Table 4 Calculation results of energy intensity effect from 2005 to 2019

Fig. 4

The effect of energy efficiency on carbon emissions of the construction industry in Shandong Province from 2005 to 2019

5.4 The Effect of Economic Level

From Table 2, it can be seen that from 2005 to 2019, the economic horizontal structural effect has promoted a total of 6.5947 million tons of carbon emissions from the construction industry in Shandong Province. It can be seen from Fig. 5 that the contribution value of the economic level effect is all greater than 0, but the effect of this effect on the positive change of carbon emissions in the construction industry also fluctuates irregularly. Among them, the years with large fluctuations were 2005–2006, 2008–2009, 2014–2015,and 2015–2016; the effect of economic level effect on carbon emission reduction in 2013–2015 decreased year by year, and the contribution value as of 2015 reach the minimum is 0.47 million tons. Nevertheless, the economic level effect is still the main factor driving the growth of carbon emissions from the construction industry in Shandong.

Fig. 5

The effect of economic level on carbon emissions of the construction industry in Shandong Province from 2005 to 2019

5.5 The Effect of Population Size

The population scale effect is directly dependent on population growth.
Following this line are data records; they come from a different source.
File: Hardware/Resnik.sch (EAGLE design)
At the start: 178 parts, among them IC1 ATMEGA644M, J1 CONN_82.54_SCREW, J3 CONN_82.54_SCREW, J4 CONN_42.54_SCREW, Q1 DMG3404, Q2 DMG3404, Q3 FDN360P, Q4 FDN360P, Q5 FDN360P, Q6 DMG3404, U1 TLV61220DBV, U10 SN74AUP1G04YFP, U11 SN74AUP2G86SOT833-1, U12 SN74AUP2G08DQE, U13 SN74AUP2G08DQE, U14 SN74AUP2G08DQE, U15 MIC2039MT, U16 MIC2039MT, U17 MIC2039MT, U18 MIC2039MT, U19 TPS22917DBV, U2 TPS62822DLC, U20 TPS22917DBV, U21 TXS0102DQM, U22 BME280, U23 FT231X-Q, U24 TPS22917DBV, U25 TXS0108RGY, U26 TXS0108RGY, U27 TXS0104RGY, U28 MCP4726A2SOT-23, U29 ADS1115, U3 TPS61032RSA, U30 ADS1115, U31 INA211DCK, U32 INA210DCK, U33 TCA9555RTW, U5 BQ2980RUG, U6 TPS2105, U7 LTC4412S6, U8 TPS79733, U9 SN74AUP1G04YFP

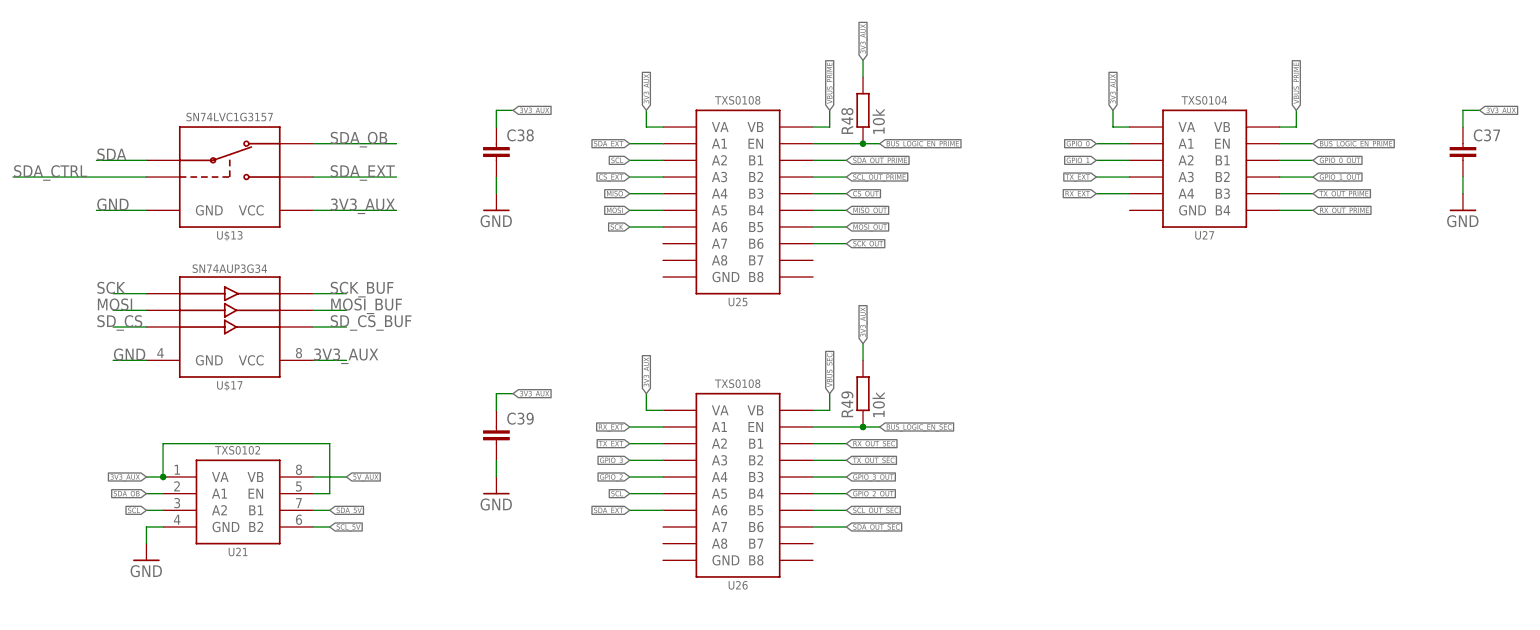
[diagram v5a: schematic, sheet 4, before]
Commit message: Continued layout, starting on SD and Feather header
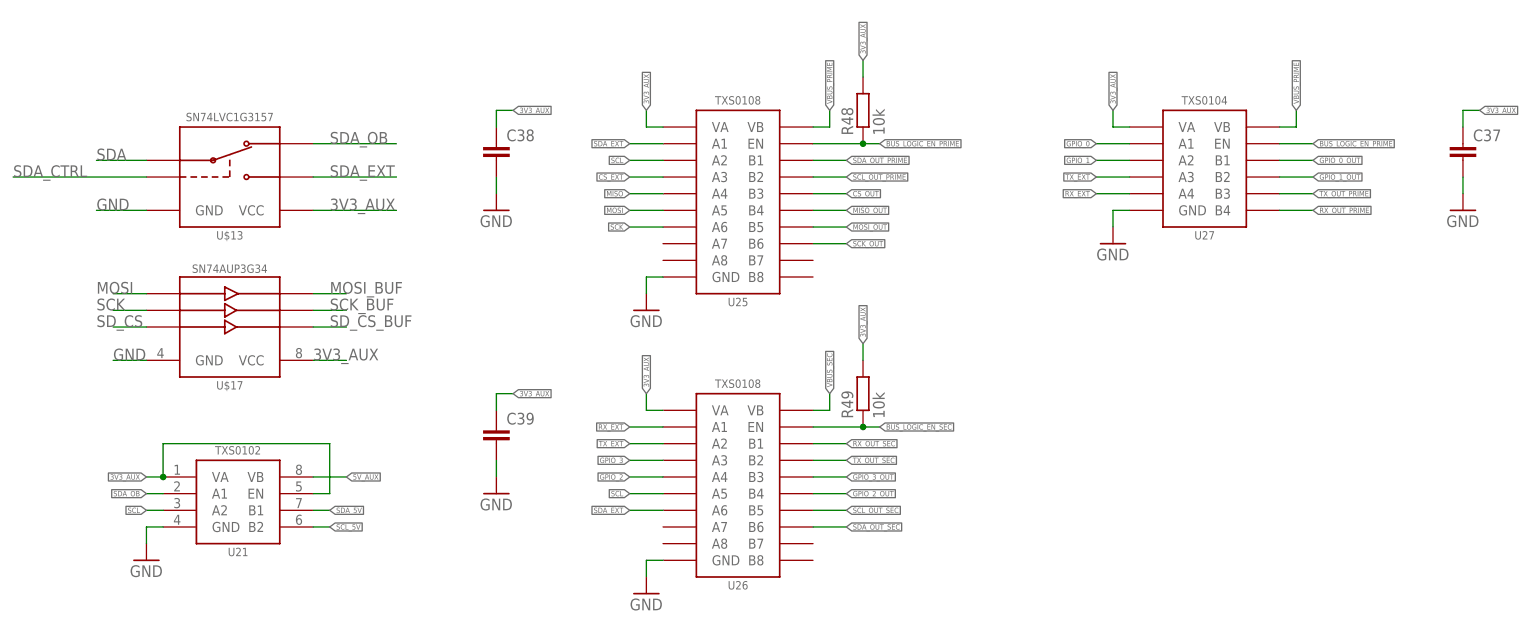
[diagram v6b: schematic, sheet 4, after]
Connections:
- net GND: now also U25.GND, U26.GND, U27.GND
- net MOSI: now also U$17.1A; no longer U$17.2A
- net MOSI_BUF: now also U$17.1Y; no longer U$17.2Y
- net SCK: now also U$17.2A; no longer U$17.1A
- net SCK_BUF: now also U$17.2Y; no longer U$17.1Y
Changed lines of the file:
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@@
 <part name="H2" library="bschulz" deviceset="MOUNTING_HOLE" device="4_NP"/>
 <part name="H3" library="bschulz" deviceset="MOUNTING_HOLE" device="4_NP"/>
+<part name="GND68" library="supply1" library_urn="urn:adsk.eagle:library:371" deviceset="GND" device=""/>
+<part name="GND69" library="supply1" library_urn="urn:adsk.eagle:library:371" deviceset="GND" device=""/>
+<part name="GND70" library="supply1" library_urn="urn:adsk.eagle:library:371" deviceset="GND" device=""/>
 </parts>
 <sheets>
@@
 <instance part="C39" gate="G$1" x="63.5" y="40.64"/>
 <instance part="GND67" gate="1" x="63.5" y="30.48"/>
+<instance part="GND68" gate="1" x="86.36" y="58.42"/>
+<instance part="GND69" gate="1" x="86.36" y="15.24"/>
+<instance part="GND70" gate="1" x="157.48" y="68.58"/>
 </instances>
 <busses>
@@
 <wire x1="63.5" y1="35.56" x2="63.5" y2="33.02" width="0.1524" layer="91"/>
 <pinref part="GND67" gate="1" pin="GND"/>
+</segment>
+<segment>
+<pinref part="U25" gate="G$1" pin="GND"/>
+<wire x1="88.9" y1="63.5" x2="86.36" y2="63.5" width="0.1524" layer="91"/>
+<wire x1="86.36" y1="63.5" x2="86.36" y2="60.96" width="0.1524" layer="91"/>
+<pinref part="GND68" gate="1" pin="GND"/>
+</segment>
+<segment>
+<pinref part="U26" gate="G$1" pin="GND"/>
+<wire x1="88.9" y1="20.32" x2="86.36" y2="20.32" width="0.1524" layer="91"/>
+<wire x1="86.36" y1="20.32" x2="86.36" y2="17.78" width="0.1524" layer="91"/>
+<pinref part="GND69" gate="1" pin="GND"/>
+</segment>
+<segment>
+<pinref part="U27" gate="G$1" pin="GND"/>
+<wire x1="160.02" y1="73.66" x2="157.48" y2="73.66" width="0.1524" layer="91"/>
+<wire x1="157.48" y1="73.66" x2="157.48" y2="71.12" width="0.1524" layer="91"/>
+<pinref part="GND70" gate="1" pin="GND"/>
 </segment>
 </net>
@@
 <net name="MOSI" class="0">
 <segment>
+<wire x1="88.9" y1="73.66" x2="83.82" y2="73.66" width="0.1524" layer="91"/>
+<label x="83.82" y="73.66" size="0.8128" layer="95" rot="R180" xref="yes"/>
+<pinref part="U25" gate="G$1" pin="A5"/>
+</segment>
+<segment>
+<pinref part="U$17" gate="G$1" pin="1A"/>
+<wire x1="10.16" y1="60.96" x2="5.08" y2="60.96" width="0.1524" layer="91"/>
+<label x="2.54" y="60.96" size="1.778" layer="95"/>
+</segment>
+</net>
+<net name="SCK" class="0">
+<segment>
+<wire x1="88.9" y1="71.12" x2="83.82" y2="71.12" width="0.1524" layer="91"/>
+<label x="83.82" y="71.12" size="0.8128" layer="95" rot="R180" xref="yes"/>
+<pinref part="U25" gate="G$1" pin="A6"/>
+</segment>
+<segment>
 <pinref part="U$17" gate="G$1" pin="2A"/>
 <wire x1="10.16" y1="58.42" x2="5.08" y2="58.42" width="0.1524" layer="91"/>
 <label x="2.54" y="58.42" size="1.778" layer="95"/>
 </segment>
-<segment>
-<wire x1="88.9" y1="73.66" x2="83.82" y2="73.66" width="0.1524" layer="91"/>
-<label x="83.82" y="73.66" size="0.8128" layer="95" rot="R180" xref="yes"/>
-<pinref part="U25" gate="G$1" pin="A5"/>
-</segment>
-</net>
-<net name="SCK" class="0">
-<segment>
-<pinref part="U$17" gate="G$1" pin="1A"/>
-<wire x1="10.16" y1="60.96" x2="5.08" y2="60.96" width="0.1524" layer="91"/>
-<label x="2.54" y="60.96" size="1.778" layer="95"/>
-</segment>
-<segment>
-<wire x1="88.9" y1="71.12" x2="83.82" y2="71.12" width="0.1524" layer="91"/>
-<label x="83.82" y="71.12" size="0.8128" layer="95" rot="R180" xref="yes"/>
-<pinref part="U25" gate="G$1" pin="A6"/>
-</segment>
 </net>
 <net name="SD_CS" class="0">
@@
 </segment>
 </net>
-<net name="MOSI_BUF" class="0">
+<net name="SCK_BUF" class="0">
 <segment>
 <pinref part="U$17" gate="G$1" pin="2Y"/>
 <wire x1="35.56" y1="58.42" x2="40.64" y2="58.42" width="0.1524" layer="91"/>
 <label x="38.1" y="58.42" size="1.778" layer="95"/>
-</segment>
-</net>
-<net name="SCK_BUF" class="0">
-<segment>
-<pinref part="U$17" gate="G$1" pin="1Y"/>
-<wire x1="35.56" y1="60.96" x2="40.64" y2="60.96" width="0.1524" layer="91"/>
-<label x="38.1" y="60.96" size="1.778" layer="95"/>
 </segment>
 </net>
@@
 </segment>
 </net>
+<net name="MOSI_BUF" class="0">
+<segment>
+<pinref part="U$17" gate="G$1" pin="1Y"/>
+<wire x1="35.56" y1="60.96" x2="40.64" y2="60.96" width="0.1524" layer="91"/>
+<label x="38.1" y="60.96" size="1.778" layer="95"/>
+</segment>
+</net>

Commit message: Layout tentative completed, sent to DFM check
Layout complete for v0.0, pending final triple check, sent to DFM check to verify manufacture issues. Ready for final external review.
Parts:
- removed H1: (no value), bschulz:MOUNTING_HOLE4_NP
- added H4: (no value), bschulz:MOUNTING_HOLE4_NP
- added R6: 10k, bschulz_passives:R-EU_R0402
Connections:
- removed net V_BETA_CTL: U7.CTL
- new net V_HP_SYNC: U3.SYNC, U33.P12
- net 3V3_CORE: now also R6.2
- net BUS_LOGIC_EN_SEC: now also U33.P10
- net FAULT_SEC: now also U33.P16
- net FEATHER_EN: now also U33.P17
- net GLOBAL_INT: now also R6.1
- net GND: now also J1.1, J4.1, U7.CTL; no longer J1.2, J4.2, U3.SYNC
- net PG_LDO: now also U33.P11; no longer U33.P10
- net VBUS_PRIME: now also J1.2; no longer J1.1
- net VBUS_SEC: now also J4.2; no longer J4.1
- net VUSB_POWER: now also Q3.D; no longer Q4.D
- net V_LI: now also Q4.D; no longer Q3.D
- net WD_DONE: now also MS1.GPIOA3
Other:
- note added: "ADD: --MPPT, CHRG (Input) --MPPT, FAULT (Input) --MPPT, SHDN (Output) --Feather PowerOn (Output) --ADC, OnBoard, Alert/RDY (Input, Interrupt) --ADC, OffBoard, Alert/RDY (Input, Interrupt) --Vusb (Input) --LevelShifter, Primary Bus, EN (Output) --LevelShifter, Secondary Bus, EN (Output) --BMS, CTR (Output) --BusPowerSwitch, Primary Bus, Fault (Input) --BusPowerSwitch, Secondary Bus, Fault (Input) 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"
- note added: "Global Int Pullup!"
- note added: "Remove LBI pullup??"
- note added: "Remove PG pullup?"
- note added: "VBETA CONTROL!!!!!!!!!!!"
- note removed: "ADD: --MPPT, CHRG (Input) --MPPT, FAULT (Input) --MPPT, SHDN (Output) Feather PowerOn (Output) --ADC, OnBoard, Alert/RDY (Input, Interrupt) --ADC, OffBoard, Alert/RDY (Input, Interrupt) --Vusb (Input) --LevelShifter, Primary Bus, EN (Output) LevelShifter, Secondary Bus, EN (Output) --BMS, CTR (Output) --BusPowerSwitch, Primary Bus, Fault (Input) BusPowerSwitch, Secondary Bus, Fault (Input) --High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"

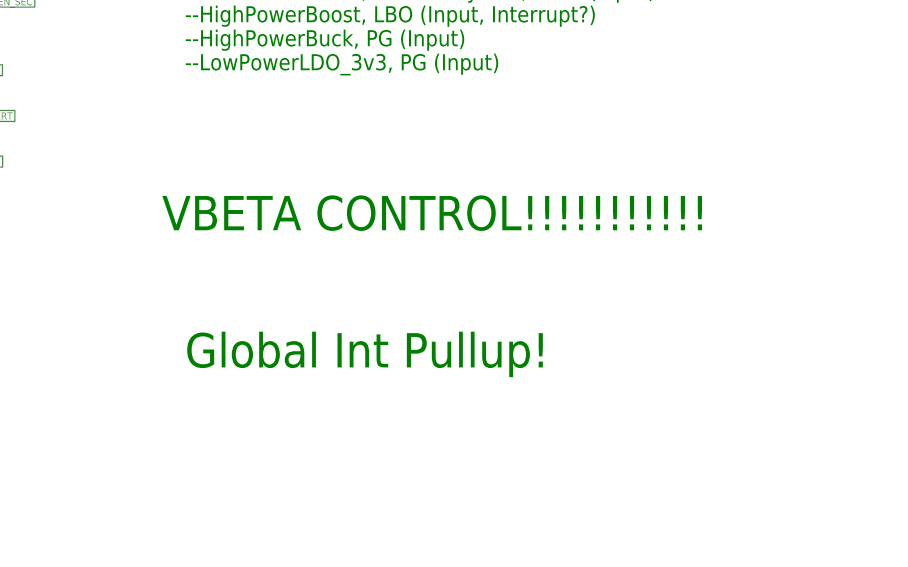
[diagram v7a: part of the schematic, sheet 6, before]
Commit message: Added PDFs of prelim v0.0 schematic
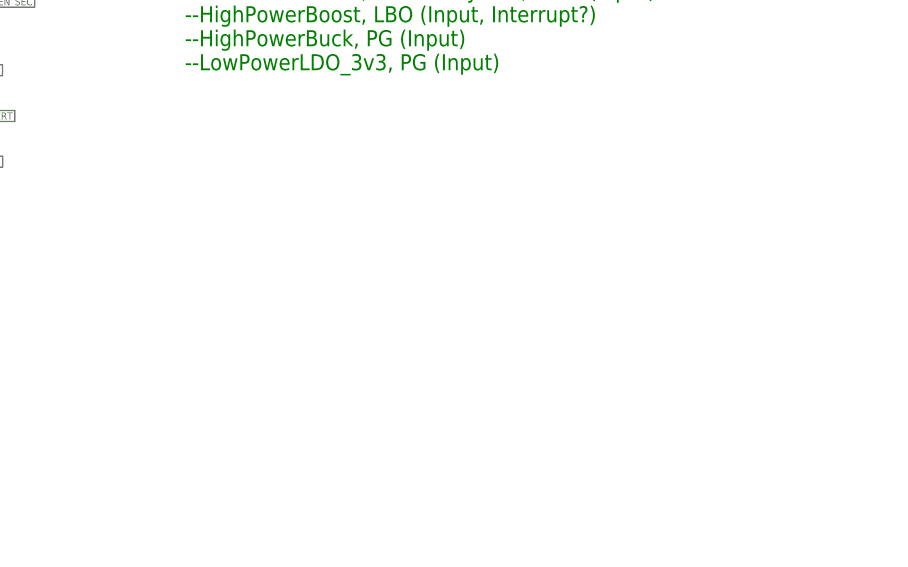
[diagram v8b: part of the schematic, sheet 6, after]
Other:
- note removed: "Global Int Pullup!"
- note removed: "VBETA CONTROL!!!!!!!!!!!"
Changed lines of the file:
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@@
 --HighPowerBuck, PG (Input)
 --LowPowerLDO_3v3, PG (Input)</text>
-<text x="213.36" y="58.42" size="3.81" layer="91">VBETA CONTROL!!!!!!!!!!!</text>
-<text x="215.9" y="43.18" size="3.81" layer="91">Global Int Pullup!</text>
 </plain>
 <instances>

Table 2 visually shows that the population of Shandong Province increased from 92.48 million to 101.06 million from 2005 to 2019, the population scale effect increased the carbon emissions of the construction industry in Shandong Province by 362,200 tons, proving that carbon emissions The amount will increase as the population increases. It can be seen from Fig. 6 that, compared with other influencing factors, the effect of population size on the positive change of carbon emissions in the construction industry is relatively stable, with small changes, and a relatively low contribution rate.

Fig. 6

The effect of various influencing factors on the carbon emissions of the construction industry in Shandong Province from 2005 to 2019

6 Conclusion

This paper uses the LMDI decomposition method to decompose the factors affecting the carbon emissions of the construction industry in Shandong Province, and draws the following conclusions:

Energy consumption structure, economic level and population size are the driving factors for the increase in carbon emissions from the construction industry in Shandong. Among them, the economic level is the key factor to promote the positive increase of carbon emissions in the construction industry in Shandong, and its contribution value is as high as 6.5947 million tons, with a contribution rate of 2329.39%; the contribution of energy consumption structure to carbon emissions ranks second, with a contribution rate of 382.50%; The population size factor has the least driving effect on the growth of carbon emissions, with a contribution value of only 362,200 tons, accounting for 127.92% of the total effect; (2) Energy intensity is the most important factor in restraining carbon emissions from the construction industry in Shandong. From 2005 to 2019, with the improvement of energy utilization rate and the advancement of energy conservation and emission reduction technologies, the energy intensity continued to decrease, and the macroscopically promoted carbon emission reduction of 7.7567 million tons, with a contribution rate of 2739.81%.